Sin embargo, a día de hoy, un pintor como Neo Rauch, nacido en Leipzig (antigua Alemania Oriental) en 1960, puede tener cuadros valorados en 250.000 euros. Las obras de Rauch son encargadas por museos y coleccionistas, así como por instituciones públicas y privadas, que hacen colas para acceder a ellas.

En esta misma cuerda, la feria Art Forum Berlín, que se realizó entre el 29 de septiembre y el 3 de octubre pasados, resultó este año un hervidero cultural por la omnipresencia pictórica. Con el destaque del estilo neofigurativo, que se llevó el palmo, sin por ello deslucir la pintura más conceptual o narrativa. La conocida como pintura de caballete fue tan común como las galerías que la vendían frenéticamente, aun en la última jornada del evento.

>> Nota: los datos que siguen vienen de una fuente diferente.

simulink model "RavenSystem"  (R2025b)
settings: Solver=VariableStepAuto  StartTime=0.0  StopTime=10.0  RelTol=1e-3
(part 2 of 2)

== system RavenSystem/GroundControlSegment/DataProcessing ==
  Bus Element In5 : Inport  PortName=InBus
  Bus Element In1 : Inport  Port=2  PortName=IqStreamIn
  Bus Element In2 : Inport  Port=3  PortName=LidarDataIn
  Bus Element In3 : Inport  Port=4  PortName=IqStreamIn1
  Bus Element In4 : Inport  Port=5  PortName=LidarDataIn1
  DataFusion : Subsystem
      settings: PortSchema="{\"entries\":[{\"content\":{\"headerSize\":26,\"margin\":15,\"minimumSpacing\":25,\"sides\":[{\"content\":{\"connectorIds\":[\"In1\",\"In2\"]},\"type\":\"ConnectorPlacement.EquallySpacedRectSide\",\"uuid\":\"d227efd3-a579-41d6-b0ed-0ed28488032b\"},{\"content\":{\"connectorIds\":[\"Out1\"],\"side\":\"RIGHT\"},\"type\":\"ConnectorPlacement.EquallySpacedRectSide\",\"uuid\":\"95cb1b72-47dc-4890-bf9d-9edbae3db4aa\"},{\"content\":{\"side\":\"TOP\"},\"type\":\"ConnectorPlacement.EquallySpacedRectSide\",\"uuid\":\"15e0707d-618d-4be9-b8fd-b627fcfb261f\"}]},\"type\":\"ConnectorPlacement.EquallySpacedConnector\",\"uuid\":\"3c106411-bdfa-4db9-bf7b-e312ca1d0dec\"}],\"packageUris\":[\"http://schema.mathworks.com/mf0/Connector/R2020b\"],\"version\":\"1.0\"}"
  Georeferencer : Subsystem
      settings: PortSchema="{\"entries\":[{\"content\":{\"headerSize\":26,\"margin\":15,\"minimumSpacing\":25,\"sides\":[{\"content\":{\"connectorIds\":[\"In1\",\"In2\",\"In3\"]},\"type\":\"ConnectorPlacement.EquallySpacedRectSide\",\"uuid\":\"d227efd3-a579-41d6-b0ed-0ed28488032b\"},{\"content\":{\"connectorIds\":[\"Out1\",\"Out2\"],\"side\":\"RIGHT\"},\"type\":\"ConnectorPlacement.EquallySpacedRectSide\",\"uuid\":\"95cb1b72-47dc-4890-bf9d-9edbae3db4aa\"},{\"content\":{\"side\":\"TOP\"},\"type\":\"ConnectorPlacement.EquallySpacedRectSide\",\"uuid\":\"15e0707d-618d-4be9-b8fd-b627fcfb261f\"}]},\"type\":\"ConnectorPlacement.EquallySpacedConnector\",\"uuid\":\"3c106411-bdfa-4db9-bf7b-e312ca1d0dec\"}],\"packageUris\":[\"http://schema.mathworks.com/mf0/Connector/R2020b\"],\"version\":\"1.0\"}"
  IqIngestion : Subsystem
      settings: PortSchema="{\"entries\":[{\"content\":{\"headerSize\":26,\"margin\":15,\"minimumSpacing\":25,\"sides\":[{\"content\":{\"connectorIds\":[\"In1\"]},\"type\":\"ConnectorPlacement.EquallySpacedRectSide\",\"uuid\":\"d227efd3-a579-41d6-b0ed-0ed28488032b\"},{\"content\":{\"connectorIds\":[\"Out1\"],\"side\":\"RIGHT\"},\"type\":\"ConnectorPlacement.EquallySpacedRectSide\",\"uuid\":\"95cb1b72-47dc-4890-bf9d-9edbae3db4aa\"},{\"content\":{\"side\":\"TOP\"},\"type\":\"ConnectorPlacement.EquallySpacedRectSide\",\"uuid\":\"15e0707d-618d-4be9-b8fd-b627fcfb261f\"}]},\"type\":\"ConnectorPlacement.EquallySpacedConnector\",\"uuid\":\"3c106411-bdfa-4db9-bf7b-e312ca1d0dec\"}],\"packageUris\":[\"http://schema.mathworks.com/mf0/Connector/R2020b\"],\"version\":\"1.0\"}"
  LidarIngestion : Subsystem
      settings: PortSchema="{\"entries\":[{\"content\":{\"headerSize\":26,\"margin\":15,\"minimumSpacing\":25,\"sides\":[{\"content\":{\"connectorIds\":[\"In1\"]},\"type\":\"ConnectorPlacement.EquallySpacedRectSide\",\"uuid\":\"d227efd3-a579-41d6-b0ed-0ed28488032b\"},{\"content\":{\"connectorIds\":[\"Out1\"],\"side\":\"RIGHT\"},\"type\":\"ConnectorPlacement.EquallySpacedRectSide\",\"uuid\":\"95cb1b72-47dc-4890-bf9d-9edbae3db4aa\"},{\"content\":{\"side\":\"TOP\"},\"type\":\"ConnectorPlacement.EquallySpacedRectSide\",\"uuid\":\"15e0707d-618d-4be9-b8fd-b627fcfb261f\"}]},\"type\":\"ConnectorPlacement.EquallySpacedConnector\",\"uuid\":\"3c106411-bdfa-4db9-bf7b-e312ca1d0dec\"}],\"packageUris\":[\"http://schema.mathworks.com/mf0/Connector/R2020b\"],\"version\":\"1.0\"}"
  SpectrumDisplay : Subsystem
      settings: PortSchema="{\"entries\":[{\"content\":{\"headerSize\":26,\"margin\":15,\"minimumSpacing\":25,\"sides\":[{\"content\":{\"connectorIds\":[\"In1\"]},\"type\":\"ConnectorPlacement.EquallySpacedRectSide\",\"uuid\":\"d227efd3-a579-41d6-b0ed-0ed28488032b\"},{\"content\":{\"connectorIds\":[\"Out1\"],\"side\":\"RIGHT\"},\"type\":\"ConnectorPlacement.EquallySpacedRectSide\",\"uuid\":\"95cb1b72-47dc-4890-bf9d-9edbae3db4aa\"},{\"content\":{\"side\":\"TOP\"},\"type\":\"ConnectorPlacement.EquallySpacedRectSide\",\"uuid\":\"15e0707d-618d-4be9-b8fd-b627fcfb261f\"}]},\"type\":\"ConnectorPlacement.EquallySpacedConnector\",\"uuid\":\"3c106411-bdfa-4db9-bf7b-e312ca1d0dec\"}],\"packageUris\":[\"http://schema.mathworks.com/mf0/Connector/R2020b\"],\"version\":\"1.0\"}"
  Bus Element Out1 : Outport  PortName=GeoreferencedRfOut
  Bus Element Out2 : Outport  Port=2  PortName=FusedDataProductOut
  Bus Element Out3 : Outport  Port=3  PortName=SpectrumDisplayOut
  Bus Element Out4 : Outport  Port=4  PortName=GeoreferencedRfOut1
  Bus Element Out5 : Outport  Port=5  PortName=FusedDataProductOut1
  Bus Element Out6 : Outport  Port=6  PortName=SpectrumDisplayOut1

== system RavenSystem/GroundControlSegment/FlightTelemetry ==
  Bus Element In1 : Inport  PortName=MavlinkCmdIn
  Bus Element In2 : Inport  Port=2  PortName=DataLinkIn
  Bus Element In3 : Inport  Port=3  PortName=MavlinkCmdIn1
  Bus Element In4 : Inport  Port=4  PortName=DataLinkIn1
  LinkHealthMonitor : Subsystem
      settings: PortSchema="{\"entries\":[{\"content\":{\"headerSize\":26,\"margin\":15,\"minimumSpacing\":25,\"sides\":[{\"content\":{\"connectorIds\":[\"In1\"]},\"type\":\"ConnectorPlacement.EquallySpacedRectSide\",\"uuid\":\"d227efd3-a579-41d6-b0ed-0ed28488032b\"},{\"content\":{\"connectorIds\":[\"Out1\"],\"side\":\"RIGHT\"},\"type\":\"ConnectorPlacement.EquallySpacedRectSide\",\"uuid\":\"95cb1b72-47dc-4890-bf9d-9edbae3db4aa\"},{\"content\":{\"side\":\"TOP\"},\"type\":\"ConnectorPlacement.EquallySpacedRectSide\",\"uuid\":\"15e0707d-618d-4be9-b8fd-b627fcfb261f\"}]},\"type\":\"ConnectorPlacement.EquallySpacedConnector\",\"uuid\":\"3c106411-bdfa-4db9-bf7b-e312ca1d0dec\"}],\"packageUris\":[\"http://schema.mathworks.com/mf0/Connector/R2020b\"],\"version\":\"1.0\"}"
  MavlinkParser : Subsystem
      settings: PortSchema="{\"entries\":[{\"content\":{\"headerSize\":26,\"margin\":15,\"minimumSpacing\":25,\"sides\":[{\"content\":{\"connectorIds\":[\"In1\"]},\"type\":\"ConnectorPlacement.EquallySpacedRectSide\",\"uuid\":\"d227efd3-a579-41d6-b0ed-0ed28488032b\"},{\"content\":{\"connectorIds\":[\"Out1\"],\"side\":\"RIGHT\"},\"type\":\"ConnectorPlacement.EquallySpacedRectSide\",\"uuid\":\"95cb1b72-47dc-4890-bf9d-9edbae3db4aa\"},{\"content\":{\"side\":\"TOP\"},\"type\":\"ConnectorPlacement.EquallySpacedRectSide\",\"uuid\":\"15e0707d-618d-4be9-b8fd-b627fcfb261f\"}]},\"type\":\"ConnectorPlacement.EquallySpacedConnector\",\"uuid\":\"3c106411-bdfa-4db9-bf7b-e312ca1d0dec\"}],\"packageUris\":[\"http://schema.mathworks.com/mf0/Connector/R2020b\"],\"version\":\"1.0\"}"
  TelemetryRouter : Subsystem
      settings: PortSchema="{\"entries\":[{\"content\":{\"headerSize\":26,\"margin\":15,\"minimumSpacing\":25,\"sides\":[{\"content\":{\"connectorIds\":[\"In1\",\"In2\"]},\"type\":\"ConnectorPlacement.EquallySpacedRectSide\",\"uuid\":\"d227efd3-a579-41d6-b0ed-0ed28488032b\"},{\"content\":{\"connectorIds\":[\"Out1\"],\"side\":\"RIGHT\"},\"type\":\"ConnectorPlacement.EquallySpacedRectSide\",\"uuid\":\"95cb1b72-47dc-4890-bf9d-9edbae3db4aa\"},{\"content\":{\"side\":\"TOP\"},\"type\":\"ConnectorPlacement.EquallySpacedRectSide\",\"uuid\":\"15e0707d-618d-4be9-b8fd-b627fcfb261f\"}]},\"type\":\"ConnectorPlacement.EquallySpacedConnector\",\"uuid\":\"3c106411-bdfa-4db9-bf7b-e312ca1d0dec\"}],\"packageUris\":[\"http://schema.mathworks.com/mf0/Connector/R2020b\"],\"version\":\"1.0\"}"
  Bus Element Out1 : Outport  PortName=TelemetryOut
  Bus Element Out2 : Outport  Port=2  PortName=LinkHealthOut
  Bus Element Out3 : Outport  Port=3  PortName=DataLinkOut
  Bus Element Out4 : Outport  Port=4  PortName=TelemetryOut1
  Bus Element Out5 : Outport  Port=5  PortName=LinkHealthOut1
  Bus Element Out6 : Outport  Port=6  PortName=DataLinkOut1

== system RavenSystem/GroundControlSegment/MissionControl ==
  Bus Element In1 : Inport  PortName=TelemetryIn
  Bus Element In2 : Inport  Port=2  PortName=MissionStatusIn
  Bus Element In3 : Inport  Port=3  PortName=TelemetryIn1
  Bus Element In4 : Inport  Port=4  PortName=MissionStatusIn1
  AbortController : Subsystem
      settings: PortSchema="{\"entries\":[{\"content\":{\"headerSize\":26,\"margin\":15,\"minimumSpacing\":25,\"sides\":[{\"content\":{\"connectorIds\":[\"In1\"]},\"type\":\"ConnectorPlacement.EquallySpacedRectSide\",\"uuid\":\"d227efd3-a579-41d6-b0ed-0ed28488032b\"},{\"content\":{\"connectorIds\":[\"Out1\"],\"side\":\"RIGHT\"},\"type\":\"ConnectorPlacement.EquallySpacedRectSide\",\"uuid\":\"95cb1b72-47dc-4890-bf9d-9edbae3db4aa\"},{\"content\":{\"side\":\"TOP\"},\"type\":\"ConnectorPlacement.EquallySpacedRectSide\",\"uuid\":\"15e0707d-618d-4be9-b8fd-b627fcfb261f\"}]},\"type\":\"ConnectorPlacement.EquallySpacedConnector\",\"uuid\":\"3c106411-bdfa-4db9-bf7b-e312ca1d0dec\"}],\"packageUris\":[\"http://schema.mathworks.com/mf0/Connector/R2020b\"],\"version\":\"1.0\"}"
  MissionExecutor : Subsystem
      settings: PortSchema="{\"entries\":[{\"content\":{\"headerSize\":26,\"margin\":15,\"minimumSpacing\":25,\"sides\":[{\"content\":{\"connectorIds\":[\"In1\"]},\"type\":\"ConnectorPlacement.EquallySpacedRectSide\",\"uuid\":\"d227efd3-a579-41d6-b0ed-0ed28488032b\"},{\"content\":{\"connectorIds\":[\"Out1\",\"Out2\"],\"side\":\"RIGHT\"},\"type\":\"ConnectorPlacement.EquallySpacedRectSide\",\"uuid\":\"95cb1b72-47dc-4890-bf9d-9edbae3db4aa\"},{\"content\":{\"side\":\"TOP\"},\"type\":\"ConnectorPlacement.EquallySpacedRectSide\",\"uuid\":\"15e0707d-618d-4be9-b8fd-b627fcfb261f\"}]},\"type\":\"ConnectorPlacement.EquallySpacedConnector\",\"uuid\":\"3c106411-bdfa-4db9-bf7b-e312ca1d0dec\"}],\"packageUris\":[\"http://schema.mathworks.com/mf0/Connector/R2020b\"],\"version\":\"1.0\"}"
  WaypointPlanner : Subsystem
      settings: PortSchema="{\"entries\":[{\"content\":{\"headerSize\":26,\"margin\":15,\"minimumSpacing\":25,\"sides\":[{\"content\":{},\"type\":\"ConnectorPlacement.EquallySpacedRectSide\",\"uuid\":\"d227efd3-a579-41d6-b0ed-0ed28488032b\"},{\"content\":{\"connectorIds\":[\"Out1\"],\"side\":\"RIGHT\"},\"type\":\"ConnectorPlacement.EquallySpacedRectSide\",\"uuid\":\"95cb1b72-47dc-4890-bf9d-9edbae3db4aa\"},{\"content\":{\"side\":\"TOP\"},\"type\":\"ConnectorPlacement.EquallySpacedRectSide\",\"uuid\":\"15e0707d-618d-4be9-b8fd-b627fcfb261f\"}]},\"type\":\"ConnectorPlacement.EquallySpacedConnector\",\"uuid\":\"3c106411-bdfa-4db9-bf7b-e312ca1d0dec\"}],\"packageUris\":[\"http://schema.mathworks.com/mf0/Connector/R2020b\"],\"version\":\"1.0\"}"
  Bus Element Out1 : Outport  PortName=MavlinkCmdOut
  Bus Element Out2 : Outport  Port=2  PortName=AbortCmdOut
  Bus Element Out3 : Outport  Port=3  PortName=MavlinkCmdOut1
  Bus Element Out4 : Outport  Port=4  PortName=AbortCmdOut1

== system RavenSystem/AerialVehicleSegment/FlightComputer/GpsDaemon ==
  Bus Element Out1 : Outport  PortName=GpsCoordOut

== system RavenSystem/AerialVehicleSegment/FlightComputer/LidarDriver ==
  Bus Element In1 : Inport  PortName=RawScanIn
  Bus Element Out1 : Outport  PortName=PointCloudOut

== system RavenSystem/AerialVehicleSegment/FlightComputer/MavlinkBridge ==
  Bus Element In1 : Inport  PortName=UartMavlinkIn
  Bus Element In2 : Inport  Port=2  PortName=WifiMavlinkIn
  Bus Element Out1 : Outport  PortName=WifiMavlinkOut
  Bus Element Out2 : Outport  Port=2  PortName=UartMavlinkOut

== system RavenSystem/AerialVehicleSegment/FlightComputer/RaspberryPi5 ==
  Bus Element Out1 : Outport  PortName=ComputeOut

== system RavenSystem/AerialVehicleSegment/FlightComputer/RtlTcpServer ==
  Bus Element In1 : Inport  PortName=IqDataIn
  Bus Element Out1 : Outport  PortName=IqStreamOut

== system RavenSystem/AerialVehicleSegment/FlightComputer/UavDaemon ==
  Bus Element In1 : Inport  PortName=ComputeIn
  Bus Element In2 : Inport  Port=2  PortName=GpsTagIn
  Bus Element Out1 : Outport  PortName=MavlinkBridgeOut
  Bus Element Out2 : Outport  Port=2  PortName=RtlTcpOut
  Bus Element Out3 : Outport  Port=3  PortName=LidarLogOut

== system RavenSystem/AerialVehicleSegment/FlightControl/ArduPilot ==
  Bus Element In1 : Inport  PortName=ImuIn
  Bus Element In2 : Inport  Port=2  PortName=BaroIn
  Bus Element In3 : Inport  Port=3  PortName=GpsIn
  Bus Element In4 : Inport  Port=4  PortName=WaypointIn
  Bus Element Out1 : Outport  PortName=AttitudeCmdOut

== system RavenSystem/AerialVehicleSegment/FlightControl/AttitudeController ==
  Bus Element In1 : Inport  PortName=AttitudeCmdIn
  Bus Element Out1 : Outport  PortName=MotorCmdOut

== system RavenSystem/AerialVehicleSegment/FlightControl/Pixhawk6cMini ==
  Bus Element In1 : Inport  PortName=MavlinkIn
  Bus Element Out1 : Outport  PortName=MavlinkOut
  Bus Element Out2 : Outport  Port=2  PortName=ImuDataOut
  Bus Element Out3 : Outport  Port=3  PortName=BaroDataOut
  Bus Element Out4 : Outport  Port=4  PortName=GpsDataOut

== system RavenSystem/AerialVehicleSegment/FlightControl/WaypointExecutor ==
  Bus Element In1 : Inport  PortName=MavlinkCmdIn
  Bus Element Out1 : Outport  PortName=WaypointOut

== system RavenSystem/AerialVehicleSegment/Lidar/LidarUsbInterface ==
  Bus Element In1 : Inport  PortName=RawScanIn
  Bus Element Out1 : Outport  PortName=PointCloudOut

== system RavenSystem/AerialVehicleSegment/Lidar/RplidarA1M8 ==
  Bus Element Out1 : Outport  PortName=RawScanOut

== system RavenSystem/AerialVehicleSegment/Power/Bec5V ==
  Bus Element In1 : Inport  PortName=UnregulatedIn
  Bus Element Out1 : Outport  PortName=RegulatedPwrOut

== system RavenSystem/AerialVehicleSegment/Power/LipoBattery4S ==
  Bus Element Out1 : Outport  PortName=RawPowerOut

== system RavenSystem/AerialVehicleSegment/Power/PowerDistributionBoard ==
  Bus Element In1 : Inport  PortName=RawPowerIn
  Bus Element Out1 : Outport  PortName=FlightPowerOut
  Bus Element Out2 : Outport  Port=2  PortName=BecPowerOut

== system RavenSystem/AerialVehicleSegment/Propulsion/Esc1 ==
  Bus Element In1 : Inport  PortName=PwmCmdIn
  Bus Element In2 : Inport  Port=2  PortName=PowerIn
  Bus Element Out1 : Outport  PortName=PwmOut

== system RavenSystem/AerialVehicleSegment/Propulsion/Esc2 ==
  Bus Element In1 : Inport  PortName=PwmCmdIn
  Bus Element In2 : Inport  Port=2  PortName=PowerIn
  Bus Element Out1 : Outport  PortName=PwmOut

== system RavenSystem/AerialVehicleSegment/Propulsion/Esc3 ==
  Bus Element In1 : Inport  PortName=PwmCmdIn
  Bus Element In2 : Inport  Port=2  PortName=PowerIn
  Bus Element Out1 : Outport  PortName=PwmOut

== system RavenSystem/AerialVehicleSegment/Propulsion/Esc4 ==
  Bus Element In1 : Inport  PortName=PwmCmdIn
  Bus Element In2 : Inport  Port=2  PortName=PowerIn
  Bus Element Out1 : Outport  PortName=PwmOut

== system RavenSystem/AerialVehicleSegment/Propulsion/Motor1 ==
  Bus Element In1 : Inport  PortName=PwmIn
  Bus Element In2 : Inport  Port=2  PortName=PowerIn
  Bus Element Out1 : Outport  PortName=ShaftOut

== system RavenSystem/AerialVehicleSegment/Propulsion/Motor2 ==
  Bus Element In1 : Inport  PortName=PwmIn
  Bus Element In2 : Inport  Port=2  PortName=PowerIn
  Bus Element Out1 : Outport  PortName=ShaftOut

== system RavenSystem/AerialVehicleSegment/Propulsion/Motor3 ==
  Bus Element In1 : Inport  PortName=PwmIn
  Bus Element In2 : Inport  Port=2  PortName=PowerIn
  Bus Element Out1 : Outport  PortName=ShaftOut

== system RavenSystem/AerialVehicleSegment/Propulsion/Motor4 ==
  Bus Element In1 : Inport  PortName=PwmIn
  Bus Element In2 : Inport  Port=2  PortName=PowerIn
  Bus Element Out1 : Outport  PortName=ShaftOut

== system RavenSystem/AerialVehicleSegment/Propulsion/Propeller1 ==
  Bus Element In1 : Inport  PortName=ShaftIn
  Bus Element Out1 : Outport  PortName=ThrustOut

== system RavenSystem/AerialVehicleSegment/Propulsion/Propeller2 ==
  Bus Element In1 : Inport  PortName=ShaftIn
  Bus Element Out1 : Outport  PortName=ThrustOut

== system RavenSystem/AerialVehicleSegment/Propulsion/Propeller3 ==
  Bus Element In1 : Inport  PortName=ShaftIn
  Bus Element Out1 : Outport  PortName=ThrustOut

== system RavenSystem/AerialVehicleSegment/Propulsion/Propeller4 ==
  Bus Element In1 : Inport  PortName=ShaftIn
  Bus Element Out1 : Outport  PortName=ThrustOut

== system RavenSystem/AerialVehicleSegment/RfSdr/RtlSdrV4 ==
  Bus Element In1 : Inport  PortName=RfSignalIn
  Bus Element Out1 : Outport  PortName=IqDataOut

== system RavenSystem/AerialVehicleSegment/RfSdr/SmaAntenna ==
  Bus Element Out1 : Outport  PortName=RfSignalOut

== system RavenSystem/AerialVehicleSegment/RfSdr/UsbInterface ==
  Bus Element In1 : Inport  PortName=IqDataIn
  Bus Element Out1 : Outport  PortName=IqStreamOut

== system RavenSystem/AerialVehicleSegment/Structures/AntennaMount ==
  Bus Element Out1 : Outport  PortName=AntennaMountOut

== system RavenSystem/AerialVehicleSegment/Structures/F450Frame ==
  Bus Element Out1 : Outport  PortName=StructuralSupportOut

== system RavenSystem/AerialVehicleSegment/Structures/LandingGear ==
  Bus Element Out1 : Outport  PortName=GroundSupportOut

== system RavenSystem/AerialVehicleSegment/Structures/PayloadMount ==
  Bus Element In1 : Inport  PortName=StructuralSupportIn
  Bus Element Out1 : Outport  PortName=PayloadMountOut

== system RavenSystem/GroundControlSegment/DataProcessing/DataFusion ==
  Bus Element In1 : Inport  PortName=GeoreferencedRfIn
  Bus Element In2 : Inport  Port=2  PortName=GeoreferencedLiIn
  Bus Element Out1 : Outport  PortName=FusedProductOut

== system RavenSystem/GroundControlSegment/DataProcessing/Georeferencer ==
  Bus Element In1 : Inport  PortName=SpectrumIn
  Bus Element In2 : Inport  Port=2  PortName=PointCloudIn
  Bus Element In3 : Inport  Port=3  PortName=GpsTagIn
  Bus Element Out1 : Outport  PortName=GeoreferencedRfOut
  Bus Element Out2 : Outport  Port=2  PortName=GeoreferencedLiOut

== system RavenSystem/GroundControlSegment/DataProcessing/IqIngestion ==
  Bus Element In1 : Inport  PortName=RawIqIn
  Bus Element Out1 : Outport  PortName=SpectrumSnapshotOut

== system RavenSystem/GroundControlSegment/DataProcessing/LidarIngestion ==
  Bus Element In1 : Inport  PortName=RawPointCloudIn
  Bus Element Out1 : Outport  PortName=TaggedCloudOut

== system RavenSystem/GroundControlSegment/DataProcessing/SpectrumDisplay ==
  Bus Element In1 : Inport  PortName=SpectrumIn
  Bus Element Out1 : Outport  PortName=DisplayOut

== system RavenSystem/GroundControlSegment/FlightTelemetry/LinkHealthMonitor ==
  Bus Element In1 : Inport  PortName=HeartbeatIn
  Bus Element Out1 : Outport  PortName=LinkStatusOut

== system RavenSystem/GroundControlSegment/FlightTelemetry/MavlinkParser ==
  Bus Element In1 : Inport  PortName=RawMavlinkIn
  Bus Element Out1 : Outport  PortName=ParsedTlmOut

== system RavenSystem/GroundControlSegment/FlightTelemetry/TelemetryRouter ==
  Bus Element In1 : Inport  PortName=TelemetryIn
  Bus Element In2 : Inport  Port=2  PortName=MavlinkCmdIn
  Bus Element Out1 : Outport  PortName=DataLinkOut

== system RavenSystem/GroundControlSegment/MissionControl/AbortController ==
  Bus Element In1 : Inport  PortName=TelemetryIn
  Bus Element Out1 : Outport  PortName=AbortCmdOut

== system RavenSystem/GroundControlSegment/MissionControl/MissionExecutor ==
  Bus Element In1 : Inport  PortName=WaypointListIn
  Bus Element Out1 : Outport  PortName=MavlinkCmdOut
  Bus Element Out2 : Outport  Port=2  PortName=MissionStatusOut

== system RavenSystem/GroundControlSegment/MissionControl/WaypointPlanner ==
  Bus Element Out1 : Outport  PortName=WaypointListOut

Sin embargo, a pesar de contar con la asistencia de 125 galerías en representación de 25 países, la décima edición de Art Forum evidenció los bostezos de cansancio de la pintura. No por la ausencia de discursos con frescas y diferentes propuestas (que las hubo y muy rigurosas), sino por el desgaste que acusa el intensísimo empleo, en los últimos tres años, del soporte físico pictórico. Un hecho que se ha dado en el campo de la producción artística, y también en la dialéctica de consumo instalada en los circuitos institucionales del arte contemporáneo.

Un perfil más pictórico

Las dos galerías de la Isla que se presentaron en Art Forum Berlín no se salieron de este esquema predominante, marcadas también por la presencia de la pintura. La Galería Habana asistió con obras de Los Carpinteros, Alexis Leyva (Kcho) y de Carlos Garaicoa. Y La Casona exhibió piezas de Jorge López Pardo, Rigoberto Mena Santana y Eduardo Ponjuan González.

Todos los trabajos expuestos, excepto los de Los Carpinteros (escultura) y los de Garaicoa (fotografía), empleaban la forma pictórica. Hecho este que los hizo partícipes del maremagno de óleo y acrílico —muchas veces todavía no bien secados— en que se vio inmerso Art Forum Berlín.

Al acentuar un perfil más pictórico desde el punto de vista expositivo, las galerías cubanas se esfuerzan por enfocar su proyección hacia una zona del mercado artístico que ha logrado consolidarse en varios estratos, como es el caso de la pintura.

Sin embargo, a partir de la saturación cada vez más evidente que sufre el mercado por el efecto de la pintura, sería bueno que las entidades de la Isla pensasen en buscar otras alternativas expresivas. El esplendor vertiginoso y arrollador que ha tenido la pintura en los tres últimos años, parece tener ya fecha de caducidad.

No obstante, es ingenuo preconizar otra muerte de la pintura. A estas alturas, después de tantas etapas anteriores, este género se eleva como la misma inspiración de Buda. La pintura que venga a renovar el estilo actual, tomará de todas las manifestaciones artísticas como mismo sucede ahora, que ha tomado del vídeo, la historieta, el diseño, la grafía, el cine y todas las nuevas expresiones que vengan por el camino. Si algo ha demostrado su muerte y resurrección, es que tiene cargas para muchas vidas.